CB 5.5 - What happens when index partion hashes are updated?

Eugaia · March 31, 2018, 12:22pm

Hi,

I’m in the process of planning a database setup where I would like to partition the indexes, since it will be available in CB 5.5. There are many complexities to the setup, and rather than just doing index partitioning based on the type of the document, I would instead prefer to put a partitioning ID on each document. In general, the intention is that these partition IDs do not change, and if they do it would be rare.

Would I be correct in assuming that if whatever values are used to partition the indexes, that if those values are changed, that the indexes are re-distributed, but that queries are always processed normally?

Thanks.

vsr1 · March 31, 2018, 1:31pm

At present the partition keys should be immutable.

Choosing Partition Keys
Partition keys can be one or more fields or an expression of one or more fields representing the partition key for the partitioning, for example:

The document key META().id
Any single or multiple immutable field name in the defined in index keys (field name in the document)
A function on the index key fields, such as LOWER(), LEAST(), GREATEST(), SUBSTR(), etc.
A complex formula on the index key fields combining functions and operators.

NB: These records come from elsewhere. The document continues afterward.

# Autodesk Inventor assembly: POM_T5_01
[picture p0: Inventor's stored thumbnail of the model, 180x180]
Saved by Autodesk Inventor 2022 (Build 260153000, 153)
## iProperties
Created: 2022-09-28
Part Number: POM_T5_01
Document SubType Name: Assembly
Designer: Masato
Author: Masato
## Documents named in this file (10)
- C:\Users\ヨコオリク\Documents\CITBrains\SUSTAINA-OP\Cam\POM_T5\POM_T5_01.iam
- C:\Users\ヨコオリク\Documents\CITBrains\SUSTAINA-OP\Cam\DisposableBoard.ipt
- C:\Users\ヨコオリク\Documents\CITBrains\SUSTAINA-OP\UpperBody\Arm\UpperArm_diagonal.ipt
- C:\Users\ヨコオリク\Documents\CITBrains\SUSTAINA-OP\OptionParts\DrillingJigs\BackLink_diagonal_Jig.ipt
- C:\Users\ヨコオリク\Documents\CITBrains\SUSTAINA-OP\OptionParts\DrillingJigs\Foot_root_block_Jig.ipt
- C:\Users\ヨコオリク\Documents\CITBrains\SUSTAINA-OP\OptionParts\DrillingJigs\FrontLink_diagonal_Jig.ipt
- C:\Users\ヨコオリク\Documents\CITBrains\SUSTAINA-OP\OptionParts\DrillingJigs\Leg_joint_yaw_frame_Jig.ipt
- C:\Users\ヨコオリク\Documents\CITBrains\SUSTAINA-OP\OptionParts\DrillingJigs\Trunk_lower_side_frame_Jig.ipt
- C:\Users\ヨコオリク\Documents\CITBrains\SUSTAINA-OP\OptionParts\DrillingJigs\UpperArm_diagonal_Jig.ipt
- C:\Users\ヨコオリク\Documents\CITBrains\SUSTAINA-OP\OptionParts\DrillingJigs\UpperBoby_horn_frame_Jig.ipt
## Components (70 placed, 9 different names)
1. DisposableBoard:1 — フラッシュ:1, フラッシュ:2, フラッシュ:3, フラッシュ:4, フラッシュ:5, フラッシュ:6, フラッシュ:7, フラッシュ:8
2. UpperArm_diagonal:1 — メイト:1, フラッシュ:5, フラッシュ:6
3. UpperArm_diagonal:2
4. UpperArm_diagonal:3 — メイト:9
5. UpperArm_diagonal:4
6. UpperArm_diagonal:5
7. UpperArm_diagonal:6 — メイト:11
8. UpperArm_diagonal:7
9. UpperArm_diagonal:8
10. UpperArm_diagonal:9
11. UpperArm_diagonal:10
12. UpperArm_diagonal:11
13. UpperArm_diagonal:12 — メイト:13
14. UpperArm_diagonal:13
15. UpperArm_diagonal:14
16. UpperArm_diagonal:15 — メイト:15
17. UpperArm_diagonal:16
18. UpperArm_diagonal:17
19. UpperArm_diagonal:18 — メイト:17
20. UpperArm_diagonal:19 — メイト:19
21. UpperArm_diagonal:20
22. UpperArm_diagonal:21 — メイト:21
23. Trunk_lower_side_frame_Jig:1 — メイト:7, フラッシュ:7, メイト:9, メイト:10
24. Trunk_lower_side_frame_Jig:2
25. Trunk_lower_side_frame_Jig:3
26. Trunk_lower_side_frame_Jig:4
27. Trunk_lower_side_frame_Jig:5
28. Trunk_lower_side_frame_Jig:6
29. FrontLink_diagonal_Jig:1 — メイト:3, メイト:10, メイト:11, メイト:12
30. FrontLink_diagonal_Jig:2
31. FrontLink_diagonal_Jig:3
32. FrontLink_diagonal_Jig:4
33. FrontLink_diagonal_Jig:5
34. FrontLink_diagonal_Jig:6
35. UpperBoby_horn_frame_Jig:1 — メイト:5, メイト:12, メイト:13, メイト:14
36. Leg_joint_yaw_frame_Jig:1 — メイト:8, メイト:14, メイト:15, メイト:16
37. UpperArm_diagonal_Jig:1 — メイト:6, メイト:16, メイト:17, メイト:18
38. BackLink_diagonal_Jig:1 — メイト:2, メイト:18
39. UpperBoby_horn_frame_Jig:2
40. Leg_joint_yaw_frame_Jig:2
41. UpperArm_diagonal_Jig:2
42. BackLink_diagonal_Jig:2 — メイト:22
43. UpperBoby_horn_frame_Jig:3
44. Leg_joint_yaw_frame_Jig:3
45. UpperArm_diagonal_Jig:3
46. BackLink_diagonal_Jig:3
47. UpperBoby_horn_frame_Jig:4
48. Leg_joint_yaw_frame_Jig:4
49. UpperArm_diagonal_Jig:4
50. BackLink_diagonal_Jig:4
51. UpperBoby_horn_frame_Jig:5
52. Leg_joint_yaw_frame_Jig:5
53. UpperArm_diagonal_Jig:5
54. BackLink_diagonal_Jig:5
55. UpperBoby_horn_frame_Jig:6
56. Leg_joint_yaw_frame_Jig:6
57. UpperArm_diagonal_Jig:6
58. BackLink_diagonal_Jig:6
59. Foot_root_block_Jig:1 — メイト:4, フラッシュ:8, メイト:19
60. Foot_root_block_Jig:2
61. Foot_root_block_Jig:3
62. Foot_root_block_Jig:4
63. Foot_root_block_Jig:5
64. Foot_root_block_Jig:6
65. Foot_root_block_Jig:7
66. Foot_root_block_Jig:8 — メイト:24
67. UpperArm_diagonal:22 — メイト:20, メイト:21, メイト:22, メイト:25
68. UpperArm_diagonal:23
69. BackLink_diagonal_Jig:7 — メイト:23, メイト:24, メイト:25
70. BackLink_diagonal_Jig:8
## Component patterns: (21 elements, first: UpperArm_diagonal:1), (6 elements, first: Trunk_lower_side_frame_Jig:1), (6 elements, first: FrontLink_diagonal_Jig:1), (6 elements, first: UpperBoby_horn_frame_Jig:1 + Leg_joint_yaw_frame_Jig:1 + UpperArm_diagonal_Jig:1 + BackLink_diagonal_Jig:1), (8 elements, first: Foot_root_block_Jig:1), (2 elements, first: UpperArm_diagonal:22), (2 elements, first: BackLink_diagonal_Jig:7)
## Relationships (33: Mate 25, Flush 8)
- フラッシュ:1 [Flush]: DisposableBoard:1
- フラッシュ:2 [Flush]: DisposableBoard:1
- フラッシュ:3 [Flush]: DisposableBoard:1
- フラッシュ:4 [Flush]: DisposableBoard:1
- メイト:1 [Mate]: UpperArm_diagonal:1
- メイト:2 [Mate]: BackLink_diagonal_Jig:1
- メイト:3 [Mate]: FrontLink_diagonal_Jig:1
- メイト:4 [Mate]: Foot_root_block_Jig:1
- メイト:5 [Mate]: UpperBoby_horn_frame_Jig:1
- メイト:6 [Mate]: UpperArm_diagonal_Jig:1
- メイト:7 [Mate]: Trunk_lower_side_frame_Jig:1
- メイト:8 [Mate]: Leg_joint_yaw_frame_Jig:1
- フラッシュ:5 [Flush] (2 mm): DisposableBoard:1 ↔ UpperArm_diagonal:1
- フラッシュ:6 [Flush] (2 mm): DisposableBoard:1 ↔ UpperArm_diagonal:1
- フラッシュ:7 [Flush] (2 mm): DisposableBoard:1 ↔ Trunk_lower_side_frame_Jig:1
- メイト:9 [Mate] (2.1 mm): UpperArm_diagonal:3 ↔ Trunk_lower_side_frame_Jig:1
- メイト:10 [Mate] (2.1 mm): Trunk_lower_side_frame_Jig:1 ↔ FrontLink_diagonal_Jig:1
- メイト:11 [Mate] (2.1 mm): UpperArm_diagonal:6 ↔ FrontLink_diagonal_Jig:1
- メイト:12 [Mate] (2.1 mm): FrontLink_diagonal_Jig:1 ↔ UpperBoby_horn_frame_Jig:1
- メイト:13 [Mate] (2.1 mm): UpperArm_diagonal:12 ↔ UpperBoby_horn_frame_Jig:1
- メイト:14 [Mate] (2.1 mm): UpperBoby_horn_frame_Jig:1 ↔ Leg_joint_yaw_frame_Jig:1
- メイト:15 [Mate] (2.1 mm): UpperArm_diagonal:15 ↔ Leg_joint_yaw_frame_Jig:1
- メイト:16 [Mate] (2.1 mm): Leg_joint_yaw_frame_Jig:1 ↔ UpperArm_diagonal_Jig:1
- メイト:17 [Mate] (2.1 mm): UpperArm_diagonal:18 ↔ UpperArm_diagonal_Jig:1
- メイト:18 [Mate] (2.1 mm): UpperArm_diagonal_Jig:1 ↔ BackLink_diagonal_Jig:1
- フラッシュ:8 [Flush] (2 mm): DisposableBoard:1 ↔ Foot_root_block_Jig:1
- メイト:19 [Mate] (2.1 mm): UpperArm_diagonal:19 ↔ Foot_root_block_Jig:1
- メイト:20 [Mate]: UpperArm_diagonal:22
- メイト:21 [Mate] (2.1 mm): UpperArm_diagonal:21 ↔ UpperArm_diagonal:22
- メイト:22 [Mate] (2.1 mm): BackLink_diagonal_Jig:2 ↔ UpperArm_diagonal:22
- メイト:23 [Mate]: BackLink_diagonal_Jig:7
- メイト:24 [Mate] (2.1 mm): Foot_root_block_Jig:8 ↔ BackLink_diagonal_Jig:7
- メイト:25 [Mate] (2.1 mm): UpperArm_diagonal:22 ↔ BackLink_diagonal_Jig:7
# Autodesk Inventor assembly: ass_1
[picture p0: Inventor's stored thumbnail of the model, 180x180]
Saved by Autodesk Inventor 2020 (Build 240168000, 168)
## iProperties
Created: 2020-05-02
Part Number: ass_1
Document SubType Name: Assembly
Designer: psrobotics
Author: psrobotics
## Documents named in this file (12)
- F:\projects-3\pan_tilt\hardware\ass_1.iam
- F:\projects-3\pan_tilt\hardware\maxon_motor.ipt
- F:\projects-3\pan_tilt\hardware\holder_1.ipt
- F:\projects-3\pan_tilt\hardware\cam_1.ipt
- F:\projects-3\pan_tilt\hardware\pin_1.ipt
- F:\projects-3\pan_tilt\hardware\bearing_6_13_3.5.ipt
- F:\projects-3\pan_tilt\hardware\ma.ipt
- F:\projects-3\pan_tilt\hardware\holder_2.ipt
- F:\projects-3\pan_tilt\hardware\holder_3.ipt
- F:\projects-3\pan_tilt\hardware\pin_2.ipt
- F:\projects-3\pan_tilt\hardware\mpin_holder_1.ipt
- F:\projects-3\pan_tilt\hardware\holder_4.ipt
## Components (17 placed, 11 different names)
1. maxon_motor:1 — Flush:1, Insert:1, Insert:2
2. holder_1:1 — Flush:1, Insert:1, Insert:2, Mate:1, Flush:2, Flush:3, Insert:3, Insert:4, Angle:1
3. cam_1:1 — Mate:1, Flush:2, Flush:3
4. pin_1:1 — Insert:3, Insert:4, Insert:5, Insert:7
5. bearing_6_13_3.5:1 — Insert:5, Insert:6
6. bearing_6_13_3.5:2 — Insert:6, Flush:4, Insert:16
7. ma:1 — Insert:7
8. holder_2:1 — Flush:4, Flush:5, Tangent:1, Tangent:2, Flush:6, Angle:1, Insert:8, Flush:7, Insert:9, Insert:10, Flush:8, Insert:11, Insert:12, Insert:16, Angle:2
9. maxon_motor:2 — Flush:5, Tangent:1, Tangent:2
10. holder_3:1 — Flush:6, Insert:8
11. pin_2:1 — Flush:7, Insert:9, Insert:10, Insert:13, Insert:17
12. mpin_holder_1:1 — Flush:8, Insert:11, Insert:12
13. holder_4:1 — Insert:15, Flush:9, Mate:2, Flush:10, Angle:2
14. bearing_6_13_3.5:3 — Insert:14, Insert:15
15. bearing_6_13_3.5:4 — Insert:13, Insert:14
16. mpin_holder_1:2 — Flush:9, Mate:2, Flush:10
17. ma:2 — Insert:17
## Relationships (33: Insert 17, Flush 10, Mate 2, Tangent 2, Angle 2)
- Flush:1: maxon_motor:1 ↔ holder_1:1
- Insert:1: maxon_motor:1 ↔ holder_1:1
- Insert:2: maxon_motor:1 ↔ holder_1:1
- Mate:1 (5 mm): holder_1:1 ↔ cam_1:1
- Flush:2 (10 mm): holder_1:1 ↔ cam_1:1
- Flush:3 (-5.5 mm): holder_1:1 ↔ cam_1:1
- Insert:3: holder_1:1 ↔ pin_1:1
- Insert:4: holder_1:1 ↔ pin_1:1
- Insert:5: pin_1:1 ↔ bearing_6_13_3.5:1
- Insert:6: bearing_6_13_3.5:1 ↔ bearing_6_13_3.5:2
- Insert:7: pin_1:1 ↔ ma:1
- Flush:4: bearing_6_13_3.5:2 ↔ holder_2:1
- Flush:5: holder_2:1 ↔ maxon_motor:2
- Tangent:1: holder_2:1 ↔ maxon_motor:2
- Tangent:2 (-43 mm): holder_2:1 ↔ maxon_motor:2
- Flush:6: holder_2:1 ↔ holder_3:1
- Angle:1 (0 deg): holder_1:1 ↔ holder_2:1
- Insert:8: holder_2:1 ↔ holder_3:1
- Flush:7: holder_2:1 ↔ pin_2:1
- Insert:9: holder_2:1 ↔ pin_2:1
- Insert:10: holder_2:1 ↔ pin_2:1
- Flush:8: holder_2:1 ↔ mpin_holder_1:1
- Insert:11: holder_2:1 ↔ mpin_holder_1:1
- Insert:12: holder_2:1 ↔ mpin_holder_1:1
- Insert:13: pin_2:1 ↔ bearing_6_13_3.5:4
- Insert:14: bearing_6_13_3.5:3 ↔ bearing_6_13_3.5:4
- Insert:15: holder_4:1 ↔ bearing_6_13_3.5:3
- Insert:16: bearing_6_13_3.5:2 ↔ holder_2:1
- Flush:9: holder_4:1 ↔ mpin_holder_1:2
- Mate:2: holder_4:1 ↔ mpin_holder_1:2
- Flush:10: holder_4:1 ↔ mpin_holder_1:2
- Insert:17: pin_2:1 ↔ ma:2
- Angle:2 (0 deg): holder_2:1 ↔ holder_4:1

Indexer will not enforce immutability of the index key. If you DELETE and re-insert it may be able to take care of that @jliang will able to answer that.

Eugaia · March 31, 2018, 2:07pm

@vsr1

Thanks for replying.

I understand that they ‘should’ be immutable, and that is indeed the plan (such keys would not change more than once per year, say).

I’m just trying to work out if the keys changed whether I’d need to rebuild the index (or delete and re-insert the data), or whether it would be re-hashed automatically.

Thanks!

vsr1 · March 31, 2018, 8:22pm

If few documents hash keys changing you can delete and re-insert.
If there are lot of hash keys are changing you can drop the index, change hash keys and re-create the index.
Currently there is no automatically re-hash mechanism.

Eugaia · March 31, 2018, 8:24pm

@vsr1

Many thanks for clearing that one up.

ks900 · October 10, 2019, 5:53pm

@vsr1 Was just reading this thread. If the partitioning element is changing frequently. And we are performing deletes than inserts, should their only be the latest copy of the data in the index? We are noticing that even on delete then insert we still see the index hanging on to an older set of data.

vsr1 · October 10, 2019, 5:59pm

PARTITION keys must be immutable. If those changing use some other immutable keys or do META().id

ks900 · October 10, 2019, 6:02pm

We are using the partitioned element as a main component in our query. Is it okay to not have our leading index field not be the field which we are partitioning on?

vsr1 · October 10, 2019, 6:04pm

Partition key can be any key as long as it is present in the index. If there is no predicate it will use scatter gather and may not use some optimizations.

ks900 · October 10, 2019, 10:34pm

So question. I’ve spoken to some solutions engineers at couchbase. They’ve said that if I delete the record then insert the record again it should remove the old data in the index only keeping the latest version. My question is on how data is handled across data centers on couchbase clusters. We have multiple data centers with the same cluster set up. Both have access to the same records. If I delete data from via the java sdk is it deleted from both clusters in both data centers from the data and index nodes?

vsr1 · October 11, 2019, 12:53am

If the same cluster and replica nodes it should remove on all replicas irrespective of the data centers . Only restriction is don’t do partition index on mutable keys and do update (delete and insert is ok). cc @deepkaran.salooja

deepkaran.salooja · October 11, 2019, 4:25pm

Delete and insert of the record should remove the old data from the index. For reference, this is explained in the documentation:
https://docs.couchbase.com/server/6.0/n1ql/n1ql-language-reference/index-partitioning.html#partition-keys

I assume the couchbase clusters are connected via XDCR. Once the delete/insert propagates to the other data centre, the indexes would also get updated. Indexes keep in sync with the data present in the cluster.